There are two group in which problem can be classified. The first group consist of the problem that can be solved in polynomial time. The second group consist of problem that can be solved in non deterministic polynomial time.
Definition of P :-
Problem that can be solved in polynomial time. ( ' P ' stands for polynomial).
Example is searching of key elements ,sorting of elements.
Definition of NP :-
Problem that can be solved in non deterministic polynomial time . ( ' NP ' stands for non polynomial). Example is travelling salesperson , graph coloring problem ,knapsack problem , Hamiltonian circuit problem.
The NP class problem can be further categorized into Np complete and NP hard problems.
NP complete problem :-
- A problem D is NP complete if -
- It belongs to class NP.
- Every problem in NP can also be solved in polynomial time.
- All NP complete problem are Np hard but all NP hard problem cannot be NP complete.

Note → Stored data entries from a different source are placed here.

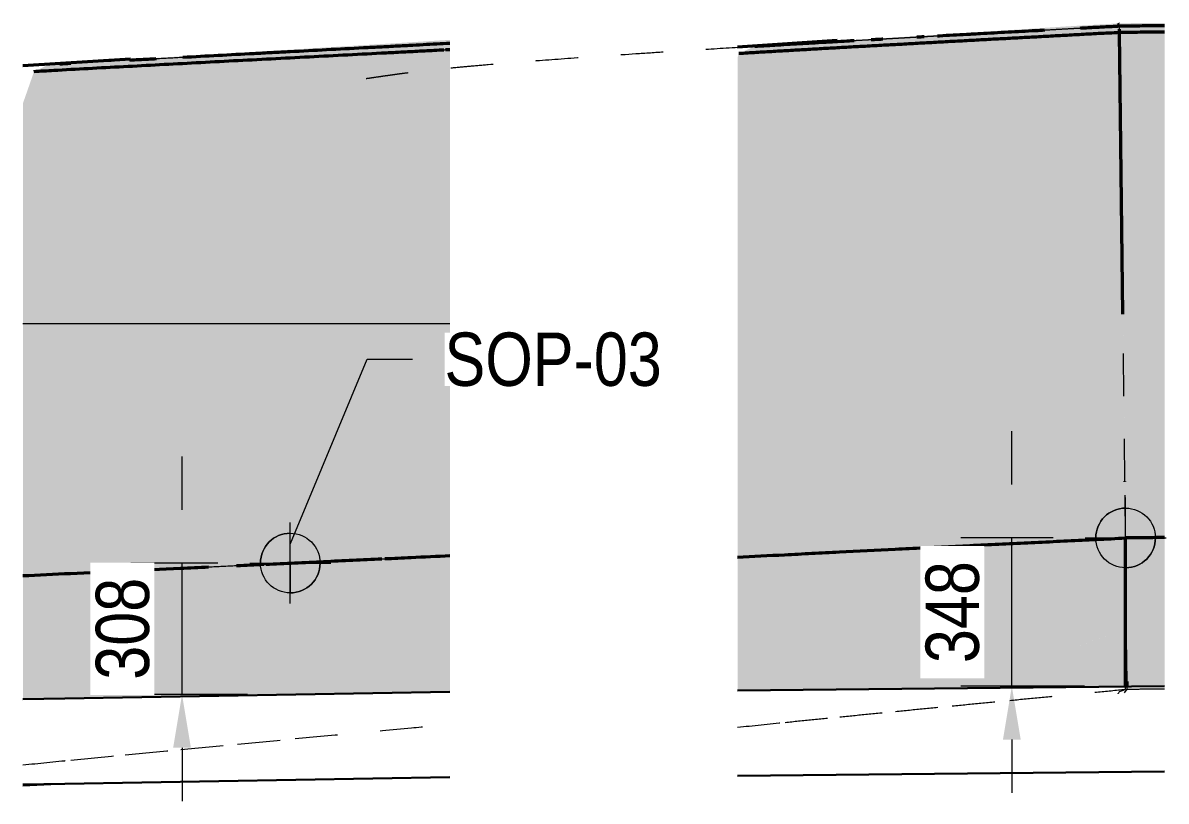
# Model space of a CAD drawing. Header units: metres. Extents: x 0 to 258, y 3 to 25.
# Drawn here: x 6.182 to 8.863, y 21.282 to 23.107 of the extents above; entities that cross this region are included whole.
import ezdxf

# ---------------------------------------------------------------- set-up
doc = ezdxf.new("R2010")
doc.units = ezdxf.units.M
doc.linetypes.add('JacobsDash', pattern=[0.0045, 0.003, -0.0015])
doc.layers.get('Defpoints').update_dxf_attribs({"color": 41})
for name, color, linetype, lineweight in [('A-ANNO-DIMS', 7, 'Continuous', 9), ('A-ANNO-NOTE', 7, 'Continuous', 9), ('A-DETL', 7, 'Continuous', 13), ('A-FLOR', 7, 'Continuous', 50), ('A-FLOR-HDLN', 7, 'JacobsDash', 18), ('G-ANNO-TEXT', 7, 'Continuous', 9)]:
    doc.layers.add(name, color=color, linetype=linetype, lineweight=lineweight)
doc.styles.add('Arial Narrow_2', font='ARIALN.TTF', dxfattribs={"height": 0.125})
doc.dimstyles.new('Dimension_Standard_O__mm_', dxfattribs={"dimscale": 0.3048, "dimtxt": 0.127929, "dimasz": 0.410105, "dimexe": 0.393701, "dimexo": 0.246063, "dimgap": 0.246063, "dimtad": 1, "dimdec": 0, "dimlfac": 1000, "dimzin": 0, "dimdsep": 46, "dimtxsty": 'Arial Narrow_2', "dimsah": 1, "dimcen": 0.09, "dimaunit": 1, "dimadec": 4, "dimazin": 0, "dimtfac": 1, "dimtdec": 4, "dimtix": 1, "dimtmove": 0, "dimatfit": 3, "dimfxl": 1, "dimtvp": 1, "dimtfill": 1, "dimtolj": 1, "dimtzin": 0, "dimlwd": 18, "dimlwe": 18, "dimarcsym": 2})

# ---------------------------------------------------------------- blocks, each defined once
blk = doc.blocks.new('CS_SYMB_SETOUT POINT - 5mm-2022283-Section 146')
at = {"layer": 'A-ANNO-NOTE'}
h = blk.add_hatch(color=256, dxfattribs=at)
edge = h.paths.add_edge_path()
edge.add_line((-389.2537, 21.9104), (-389.2537, 21.8404))
edge.add_line((-389.2537, 21.8404), (-389.3237, 21.8404))
edge.add_arc((-389.2537, 21.8404), 0.07, 90, 180, ccw=False)
h = blk.add_hatch(color=256, dxfattribs=at)
edge = h.paths.add_edge_path()
edge.add_line((-389.2537, 21.7704), (-389.2537, 21.8404))
edge.add_line((-389.2537, 21.8404), (-389.1837, 21.8404))
edge.add_arc((-389.2537, 21.8404), 0.07, 270, 360, ccw=False)
for p, q in [((-389.2537, 21.7454), (-389.2537, 21.9354)), ((-389.2537, 21.8404), (-389.2537, 21.9104)), ((-389.3487, 21.8404), (-389.1587, 21.8404)), ((-389.3237, 21.8404), (-389.2537, 21.8404)), ((-389.1837, 21.8404), (-389.2537, 21.8404)), ((-389.2537, 21.8404), (-389.2537, 21.7704))]:
    blk.add_line(p, q, dxfattribs=at)
blk.add_circle((-389.2537, 21.8404), 0.07, dxfattribs=at)
for start, end in [(90, 180), (270, 360)]:
    blk.add_arc((-389.2537, 21.8404), 0.07, start, end, dxfattribs=at)
blk = doc.blocks.new('DIMBLOCK4-Section 146')
at = {"layer": 'A-ANNO-DIMS', "color": 0, "lineweight": 18, "transparency": 16777216}
for p, q in [((6.5552, 21.9654), (6.5552, 22.0904)), ((6.639, 21.8404), (6.4352, 21.8404)), ((6.5552, 21.5324), (6.5552, 21.8404)), ((6.709, 21.5324), (6.4352, 21.5324)), ((6.5552, 21.4074), (6.5552, 21.2824))]:
    blk.add_line(p, q, dxfattribs=at)
at = {"layer": 'A-ANNO-DIMS', "color": 0, "transparency": 16777216}
for points in [[(6.5343, 21.9654), (6.576, 21.9654), (6.5552, 21.8404)], [(6.5343, 21.4074), (6.576, 21.4074), (6.5552, 21.5324)]]:
    blk.add_solid(points, dxfattribs=at)
at = {"layer": 'Defpoints', "color": 0, "transparency": 16777216}
for p in [(6.5552, 21.8404), (6.714, 21.8404), (6.784, 21.5324)]:
    blk.add_point(p, dxfattribs=at)
at = {"layer": 'A-ANNO-DIMS', "color": 0, "lineweight": 18, "transparency": 16777216, "insert": (6.4163, 21.6864), "char_height": 0.125, "width": 0.285099, "attachment_point": 5, "rotation": 90, "style": 'Arial Narrow_2', "bg_fill": 3, "box_fill_scale": 1.1, "bg_fill_color": 256, "bg_fill_true_color": 13158600, "bg_fill_transparency": 0}
blk.add_mtext('\\A1;308', dxfattribs=at)
blk = doc.blocks.new('CS_SYMB_SETOUT POINT - 5mm-2022283-Section 147')
at = {"layer": 'A-ANNO-NOTE'}
h = blk.add_hatch(color=256, dxfattribs=at)
edge = h.paths.add_edge_path()
edge.add_line((168.7697, 21.9693), (168.7697, 21.8993))
edge.add_line((168.7697, 21.8993), (168.6997, 21.8993))
edge.add_arc((168.7697, 21.8993), 0.07, 90, 180, ccw=False)
h = blk.add_hatch(color=256, dxfattribs=at)
edge = h.paths.add_edge_path()
edge.add_line((168.7697, 21.8293), (168.7697, 21.8993))
edge.add_line((168.7697, 21.8993), (168.8397, 21.8993))
edge.add_arc((168.7697, 21.8993), 0.07, 270, 360, ccw=False)
for p, q in [((168.7697, 21.8043), (168.7697, 21.9943)), ((168.7697, 21.8993), (168.7697, 21.9693)), ((168.6747, 21.8993), (168.8647, 21.8993)), ((168.6997, 21.8993), (168.7697, 21.8993)), ((168.8397, 21.8993), (168.7697, 21.8993)), ((168.7697, 21.8993), (168.7697, 21.8293))]:
    blk.add_line(p, q, dxfattribs=at)
blk.add_circle((168.7697, 21.8993), 0.07, dxfattribs=at)
for start, end in [(90, 180), (270, 360)]:
    blk.add_arc((168.7697, 21.8993), 0.07, start, end, dxfattribs=at)
blk = doc.blocks.new('DIMBLOCK5-Section 147')
at = {"layer": 'A-ANNO-DIMS', "color": 0, "lineweight": 18, "transparency": 16777216}
for p, q in [((8.5011, 22.0243), (8.5011, 22.1493)), ((8.5979, 21.8993), (8.3811, 21.8993)), ((8.5011, 21.5516), (8.5011, 21.8993)), ((8.6713, 21.5516), (8.3811, 21.5516)), ((8.5011, 21.4266), (8.5011, 21.3016))]:
    blk.add_line(p, q, dxfattribs=at)
at = {"layer": 'A-ANNO-DIMS', "color": 0, "transparency": 16777216}
for points in [[(8.4802, 22.0243), (8.5219, 22.0243), (8.5011, 21.8993)], [(8.4802, 21.4266), (8.5219, 21.4266), (8.5011, 21.5516)]]:
    blk.add_solid(points, dxfattribs=at)
at = {"layer": 'Defpoints', "color": 0, "transparency": 16777216}
for p in [(8.5011, 21.8993), (8.6729, 21.8993), (8.7463, 21.5516)]:
    blk.add_point(p, dxfattribs=at)
at = {"layer": 'A-ANNO-DIMS', "color": 0, "lineweight": 18, "transparency": 16777216, "insert": (8.3622, 21.7254), "char_height": 0.125, "width": 0.285099, "attachment_point": 5, "rotation": 90, "style": 'Arial Narrow_2', "bg_fill": 3, "box_fill_scale": 1.1, "bg_fill_color": 256, "bg_fill_true_color": 13158600, "bg_fill_transparency": 0}
blk.add_mtext('\\A1;348', dxfattribs=at)

msp = doc.modelspace()

# ---------------------------------------------------------------- hatches: boundary and pattern name
at = {"layer": 'A-FLOR', "lineweight": 5, "true_color": 0xc0c0c0}
h = msp.add_hatch(color=9, dxfattribs=at)
h.paths.add_polyline_path([(8.162, 21.8697), (8.162, 21.8697), (8.1624, 21.873)])
h.paths.add_polyline_path([(7.8579, 21.8543), (8.2942, 21.8762), (8.7679, 21.8992), (8.7535, 23.0837), (8.4211, 23.066), (8.077, 23.047), (7.861, 23.0345), (7.8579, 23.0256), (7.8579, 21.875)])
for points in [[(7.861, 23.0345), (8.1294, 23.05), (8.7535, 23.0841), (8.7531, 23.0993), (8.4837, 23.0848), (8.0746, 23.0621), (7.8987, 23.0518), (7.866, 23.037)], [(8.7531, 23.0995), (8.8592, 23.1005), (8.8592, 23.1065), (8.7503, 23.1056), (8.7512, 23.1035)], [(8.7535, 23.0839), (8.8592, 23.085), (8.8592, 23.1005), (8.7531, 23.0995), (8.7535, 23.0861)], [(8.7679, 21.8993), (8.8592, 21.9001), (8.8592, 23.0849), (8.7535, 23.0839), (8.7663, 22.0312)], [(8.7713, 21.5512), (8.8592, 21.5522), (8.8592, 21.9001), (8.7679, 21.8993), (8.7712, 21.5624)]]:
    msp.add_hatch(color=9, dxfattribs=at).paths.add_polyline_path(points)
h = msp.add_hatch(color=9, dxfattribs=at)
h.paths.add_polyline_path([(8.676, 23.101), (8.6724, 23.1009), (8.6715, 23.1008)])
h.paths.add_polyline_path([(7.9155, 23.0528), (7.9572, 23.0553), (8.24, 23.0713), (8.5777, 23.0899), (8.7529, 23.0997), (8.7503, 23.1052), (8.6391, 23.0988), (8.2297, 23.0724), (8.2287, 23.0725), (7.918, 23.053)])
h = msp.add_hatch(color=9, dxfattribs=at)
h.paths.add_polyline_path([(8.7679, 21.5512), (8.7713, 21.5512), (8.7679, 21.875), (8.7679, 21.5624)])
h.paths.add_polyline_path([(8.7583, 22.6889), (8.7583, 22.689), (8.7575, 22.7571)])
h.paths.add_polyline_path([(8.7535, 23.0837), (8.753, 23.0996), (8.7531, 23.0993), (8.7535, 23.0838)])
at = {"layer": 'A-FLOR', "true_color": 0xc0c0c0}
h = msp.add_hatch(color=9, dxfattribs=at)
edge = h.paths.add_edge_path()
edge.add_line((6.2082, 22.9921), (6.5576, 23.011))
edge.add_line((6.5576, 23.011), (7.1835, 23.0436))
edge.add_line((7.1835, 23.0436), (7.1835, 23.0592))
edge.add_line((7.1835, 23.0592), (6.2419, 23.0084))
edge.add_line((6.2419, 23.0084), (6.221, 22.9984))
edge.add_line((6.221, 22.9984), (6.2107, 22.9935))
edge.add_line((6.2107, 22.9935), (6.2097, 22.9929))
for points in [[(6.2435, 23.0091), (6.6515, 23.0312), (7.1835, 23.0598), (7.1835, 23.0667), (6.8978, 23.0492), (6.8329, 23.0452), (6.7201, 23.0383), (6.2745, 23.0109), (6.2436, 23.0091)], [(6.1821, 21.5213), (7.1835, 21.5387), (7.1835, 21.8579), (6.1821, 21.8109), (6.1821, 21.5231)]]:
    msp.add_hatch(color=9, dxfattribs=at).paths.add_polyline_path(points)
h = msp.add_hatch(color=9, dxfattribs=at)
h.paths.add_polyline_path([(6.1821, 21.8109), (6.7057, 21.8356), (7.1835, 21.8579), (7.1835, 23.0436), (6.2081, 22.9921), (6.1928, 22.9483), (6.1821, 22.9179), (6.1821, 21.8133)])
h.paths.add_polyline_path([(6.7519, 21.8378), (6.7519, 21.8378), (6.7523, 21.8395)])
at = {"layer": 'A-FLOR', "lineweight": 5, "true_color": 0xc0c0c0}
h = msp.add_hatch(color=9, dxfattribs=at)
h.paths.add_polyline_path([(7.8579, 21.5416), (8.7679, 21.5512), (8.7679, 21.8992), (7.9683, 21.86), (7.8579, 21.8543), (7.8579, 21.5583)])
h.paths.add_polyline_path([(8.647, 21.6419), (8.7679, 21.6864), (8.7679, 21.6864), (8.6844, 21.6557)])

# ---------------------------------------------------------------- linework, layer by layer
at = {"layer": 'A-DETL', "lineweight": 18}
msp.add_line((6.1821, 22.4017), (7.1835, 22.4017), dxfattribs=at)
at = {"layer": 'A-FLOR'}
for p, q in [((8.751, 23.1042), (8.7503, 23.1056)), ((8.7535, 23.0839), (8.7533, 23.0919)), ((8.7615, 22.4238), (8.7535, 23.0837)), ((8.0912, 23.0649), (7.8579, 23.0496)), ((6.4343, 23.0214), (6.1821, 23.0058)), ((8.7663, 22.0308), (8.7663, 22.0312)), ((8.7713, 21.5512), (8.7712, 21.5624))]:
    msp.add_line(p, q, dxfattribs=at)
at = {"layer": 'A-FLOR', "lineweight": 35}
for p, q in [((7.1835, 21.5387), (6.2801, 21.5231)), ((8.8592, 21.5522), (7.8579, 21.5416)), ((6.2801, 21.5231), (6.1821, 21.5213)), ((7.8579, 21.3416), (8.8592, 21.3522)), ((6.1821, 21.3213), (6.2801, 21.3231)), ((6.2801, 21.3231), (7.1835, 21.3387))]:
    msp.add_line(p, q, dxfattribs=at)
at = {"layer": 'A-FLOR', "lineweight": 18}
msp.add_line((6.1821, 21.3185), (6.2801, 21.3231), dxfattribs=at)
at = {"layer": 'A-FLOR', "flags": 128}
msp.add_lwpolyline([(8.7679, 21.5512), (8.7679, 21.6155), (8.7679, 21.6864), (8.7679, 21.7573), (8.7679, 21.8283), (8.7679, 21.8992)], dxfattribs=at)
at = {"layer": 'A-FLOR'}
for points, knots in [([(8.4058, 23.0806), (8.413, 23.081), (8.4309, 23.0819), (8.4597, 23.0835), (8.4813, 23.0847), (8.4921, 23.0852)], [0.85714286, 0.85714286, 0.85714286, 0.85714286, 0.86607143, 0.87946429, 0.89285714, 0.89285714, 0.89285714, 0.89285714]), ([(8.4921, 23.0852), (8.5029, 23.0858), (8.5244, 23.087), (8.5529, 23.0885), (8.5707, 23.0895), (8.5777, 23.0899)], [0.89285714, 0.89285714, 0.89285714, 0.89285714, 0.90625, 0.91964286, 0.92856892, 0.92856892, 0.92856892, 0.92856892]), ([(8.7535, 23.0837), (8.7368, 23.0829), (8.7123, 23.0817), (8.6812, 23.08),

- If an NP hard problems can be solved in polynomial time then all Np complete problem can also be solved in polynomial time.
- The NP class problems are the decision problems that can be solved by non deterministic polynomial algorithms.
NP hard problem :-
NP hard problem are difficult to solve in deterministic polynomial time . However , we call still solve such hard problem by relaxing the restriction on them . Such NP hard problem are called simplified hard problems. Following are few such problems.
- Determining whether a planar graph is three colorable is NP hard .
- Generating optimal code for given expression is NP hard.
- CNF (conjuctive normal form) satisfiability problem with three literals is NP hard.